● **What to do**
Go over each line of the entries below, count those with "djup", and give only the count.

### Supplied material

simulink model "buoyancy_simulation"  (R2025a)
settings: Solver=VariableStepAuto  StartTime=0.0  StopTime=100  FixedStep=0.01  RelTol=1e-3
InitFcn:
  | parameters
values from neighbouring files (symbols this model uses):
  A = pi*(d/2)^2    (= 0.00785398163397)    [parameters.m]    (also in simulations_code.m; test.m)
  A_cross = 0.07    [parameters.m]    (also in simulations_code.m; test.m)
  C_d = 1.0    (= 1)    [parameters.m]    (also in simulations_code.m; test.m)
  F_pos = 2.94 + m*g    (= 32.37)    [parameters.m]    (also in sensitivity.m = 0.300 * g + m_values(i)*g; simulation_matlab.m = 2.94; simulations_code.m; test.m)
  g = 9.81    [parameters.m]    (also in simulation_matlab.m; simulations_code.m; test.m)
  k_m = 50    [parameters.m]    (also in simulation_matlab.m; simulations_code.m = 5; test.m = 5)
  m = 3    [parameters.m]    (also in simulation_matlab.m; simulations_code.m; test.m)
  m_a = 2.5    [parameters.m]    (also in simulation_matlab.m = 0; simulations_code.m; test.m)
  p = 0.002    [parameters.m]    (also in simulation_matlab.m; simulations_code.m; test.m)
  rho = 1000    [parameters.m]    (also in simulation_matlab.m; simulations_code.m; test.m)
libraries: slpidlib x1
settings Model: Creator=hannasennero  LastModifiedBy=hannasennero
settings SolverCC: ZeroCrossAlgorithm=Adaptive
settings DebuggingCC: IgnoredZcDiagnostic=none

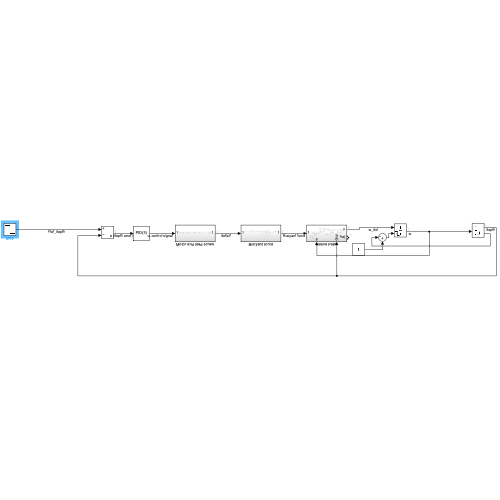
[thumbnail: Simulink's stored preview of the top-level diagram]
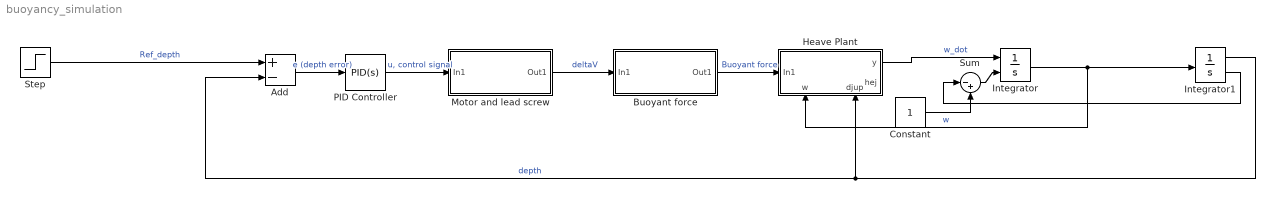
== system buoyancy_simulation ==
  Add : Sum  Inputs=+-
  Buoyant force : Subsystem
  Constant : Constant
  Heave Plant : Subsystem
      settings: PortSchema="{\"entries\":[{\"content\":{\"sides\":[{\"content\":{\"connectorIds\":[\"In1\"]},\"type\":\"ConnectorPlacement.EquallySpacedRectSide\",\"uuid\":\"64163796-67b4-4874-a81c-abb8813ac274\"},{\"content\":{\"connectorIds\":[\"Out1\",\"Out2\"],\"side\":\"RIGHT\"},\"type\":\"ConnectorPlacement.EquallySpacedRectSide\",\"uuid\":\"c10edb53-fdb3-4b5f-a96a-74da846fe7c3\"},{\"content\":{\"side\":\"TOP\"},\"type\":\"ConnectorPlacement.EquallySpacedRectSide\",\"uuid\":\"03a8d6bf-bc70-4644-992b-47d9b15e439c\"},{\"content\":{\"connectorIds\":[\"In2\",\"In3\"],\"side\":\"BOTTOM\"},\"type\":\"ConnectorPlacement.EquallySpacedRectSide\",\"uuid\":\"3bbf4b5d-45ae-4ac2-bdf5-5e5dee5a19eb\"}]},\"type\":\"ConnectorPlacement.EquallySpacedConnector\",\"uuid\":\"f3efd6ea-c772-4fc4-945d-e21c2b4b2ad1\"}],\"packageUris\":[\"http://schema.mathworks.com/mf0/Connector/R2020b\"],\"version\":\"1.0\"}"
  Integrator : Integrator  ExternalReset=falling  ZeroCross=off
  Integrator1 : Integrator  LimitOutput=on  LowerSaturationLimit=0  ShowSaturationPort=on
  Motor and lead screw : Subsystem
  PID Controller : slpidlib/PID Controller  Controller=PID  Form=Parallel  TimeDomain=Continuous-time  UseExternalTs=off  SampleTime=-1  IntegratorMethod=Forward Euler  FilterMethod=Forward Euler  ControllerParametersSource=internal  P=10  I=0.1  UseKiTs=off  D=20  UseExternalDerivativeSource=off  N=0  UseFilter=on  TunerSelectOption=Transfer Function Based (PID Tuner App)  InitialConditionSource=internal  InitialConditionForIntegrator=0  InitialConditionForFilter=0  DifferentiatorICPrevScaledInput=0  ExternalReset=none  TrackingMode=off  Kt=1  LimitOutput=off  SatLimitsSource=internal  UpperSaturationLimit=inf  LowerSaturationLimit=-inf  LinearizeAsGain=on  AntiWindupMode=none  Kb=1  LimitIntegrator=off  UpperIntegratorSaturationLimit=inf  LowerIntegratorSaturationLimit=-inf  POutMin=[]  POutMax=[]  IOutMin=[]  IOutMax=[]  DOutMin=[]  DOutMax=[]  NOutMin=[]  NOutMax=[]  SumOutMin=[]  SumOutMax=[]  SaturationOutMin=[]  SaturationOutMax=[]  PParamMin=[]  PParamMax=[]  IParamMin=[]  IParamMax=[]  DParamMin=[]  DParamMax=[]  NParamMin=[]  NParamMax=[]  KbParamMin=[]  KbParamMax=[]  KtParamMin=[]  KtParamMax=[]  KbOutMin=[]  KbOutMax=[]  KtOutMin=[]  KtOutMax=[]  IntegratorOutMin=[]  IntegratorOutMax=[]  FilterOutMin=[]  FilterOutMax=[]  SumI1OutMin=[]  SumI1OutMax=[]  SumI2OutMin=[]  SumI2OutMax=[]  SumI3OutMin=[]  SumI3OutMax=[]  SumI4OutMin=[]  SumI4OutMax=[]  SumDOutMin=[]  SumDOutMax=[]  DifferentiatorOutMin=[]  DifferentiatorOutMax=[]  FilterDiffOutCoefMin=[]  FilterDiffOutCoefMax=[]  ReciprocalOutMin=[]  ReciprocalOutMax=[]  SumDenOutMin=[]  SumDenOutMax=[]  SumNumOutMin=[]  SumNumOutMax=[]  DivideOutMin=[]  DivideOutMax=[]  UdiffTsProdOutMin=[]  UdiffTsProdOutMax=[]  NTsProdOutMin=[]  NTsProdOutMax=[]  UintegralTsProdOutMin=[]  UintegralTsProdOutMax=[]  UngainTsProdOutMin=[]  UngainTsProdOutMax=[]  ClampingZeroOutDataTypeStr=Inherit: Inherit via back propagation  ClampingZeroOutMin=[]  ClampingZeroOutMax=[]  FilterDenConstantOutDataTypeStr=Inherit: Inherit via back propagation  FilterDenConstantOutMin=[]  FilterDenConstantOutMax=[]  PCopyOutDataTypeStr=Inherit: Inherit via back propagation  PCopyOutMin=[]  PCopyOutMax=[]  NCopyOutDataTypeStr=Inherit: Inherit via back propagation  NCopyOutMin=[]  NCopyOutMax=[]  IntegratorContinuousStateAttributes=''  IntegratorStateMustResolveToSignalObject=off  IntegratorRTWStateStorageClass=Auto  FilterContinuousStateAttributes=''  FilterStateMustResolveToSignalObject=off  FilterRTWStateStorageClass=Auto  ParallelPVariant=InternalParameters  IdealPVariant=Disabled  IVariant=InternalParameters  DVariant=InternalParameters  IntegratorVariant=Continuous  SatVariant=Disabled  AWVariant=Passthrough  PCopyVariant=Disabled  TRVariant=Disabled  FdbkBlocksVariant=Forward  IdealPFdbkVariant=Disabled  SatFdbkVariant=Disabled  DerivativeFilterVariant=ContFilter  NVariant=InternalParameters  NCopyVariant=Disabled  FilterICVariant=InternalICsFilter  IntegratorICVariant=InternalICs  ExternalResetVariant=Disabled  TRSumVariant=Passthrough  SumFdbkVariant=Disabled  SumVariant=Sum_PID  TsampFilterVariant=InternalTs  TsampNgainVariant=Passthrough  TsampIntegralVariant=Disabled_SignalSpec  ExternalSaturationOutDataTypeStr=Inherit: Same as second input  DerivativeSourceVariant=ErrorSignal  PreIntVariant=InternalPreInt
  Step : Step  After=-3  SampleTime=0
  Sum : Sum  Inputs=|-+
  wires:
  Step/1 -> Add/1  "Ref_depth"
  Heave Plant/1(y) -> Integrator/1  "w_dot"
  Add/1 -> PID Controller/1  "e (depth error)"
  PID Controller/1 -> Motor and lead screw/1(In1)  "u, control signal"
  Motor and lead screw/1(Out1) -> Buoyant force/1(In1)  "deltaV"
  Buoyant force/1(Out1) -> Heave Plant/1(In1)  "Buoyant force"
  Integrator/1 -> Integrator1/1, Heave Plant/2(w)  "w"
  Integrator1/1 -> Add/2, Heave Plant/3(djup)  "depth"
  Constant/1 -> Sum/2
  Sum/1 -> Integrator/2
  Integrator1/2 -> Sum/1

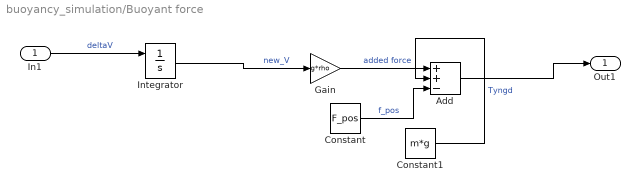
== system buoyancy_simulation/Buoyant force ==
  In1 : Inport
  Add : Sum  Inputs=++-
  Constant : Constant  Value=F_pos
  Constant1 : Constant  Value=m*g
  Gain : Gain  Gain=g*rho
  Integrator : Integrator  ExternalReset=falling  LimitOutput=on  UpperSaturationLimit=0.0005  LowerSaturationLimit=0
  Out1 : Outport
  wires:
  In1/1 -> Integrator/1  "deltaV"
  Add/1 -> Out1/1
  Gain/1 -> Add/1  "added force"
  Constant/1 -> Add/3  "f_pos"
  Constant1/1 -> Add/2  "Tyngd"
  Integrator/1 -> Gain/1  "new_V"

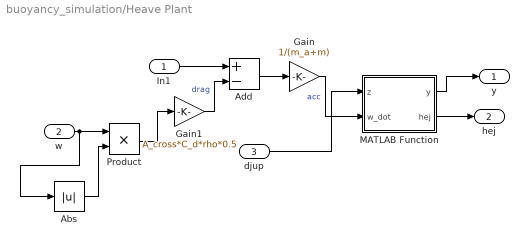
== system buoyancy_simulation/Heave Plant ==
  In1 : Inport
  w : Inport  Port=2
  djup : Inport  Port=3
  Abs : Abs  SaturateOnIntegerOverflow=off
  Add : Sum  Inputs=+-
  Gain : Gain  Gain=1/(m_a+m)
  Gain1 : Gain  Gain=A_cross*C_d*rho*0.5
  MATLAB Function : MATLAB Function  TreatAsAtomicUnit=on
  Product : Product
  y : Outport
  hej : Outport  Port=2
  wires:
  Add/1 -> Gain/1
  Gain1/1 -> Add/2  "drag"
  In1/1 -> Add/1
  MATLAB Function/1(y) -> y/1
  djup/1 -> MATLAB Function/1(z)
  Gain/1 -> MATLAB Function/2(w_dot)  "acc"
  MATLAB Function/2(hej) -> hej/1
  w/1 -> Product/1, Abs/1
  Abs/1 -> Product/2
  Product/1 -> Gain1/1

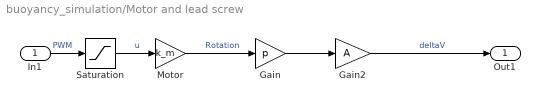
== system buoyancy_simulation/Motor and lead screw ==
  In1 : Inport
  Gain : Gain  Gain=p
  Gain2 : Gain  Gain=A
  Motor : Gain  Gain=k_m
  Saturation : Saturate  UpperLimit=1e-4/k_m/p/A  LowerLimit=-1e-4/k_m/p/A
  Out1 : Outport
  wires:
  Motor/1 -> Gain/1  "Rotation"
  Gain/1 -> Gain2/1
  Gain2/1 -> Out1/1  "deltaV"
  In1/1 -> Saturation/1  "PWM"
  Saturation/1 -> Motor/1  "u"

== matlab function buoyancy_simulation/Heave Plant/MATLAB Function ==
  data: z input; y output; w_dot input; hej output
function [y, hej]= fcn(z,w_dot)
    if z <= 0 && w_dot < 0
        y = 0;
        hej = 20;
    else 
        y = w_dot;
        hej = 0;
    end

######

● **Result**
3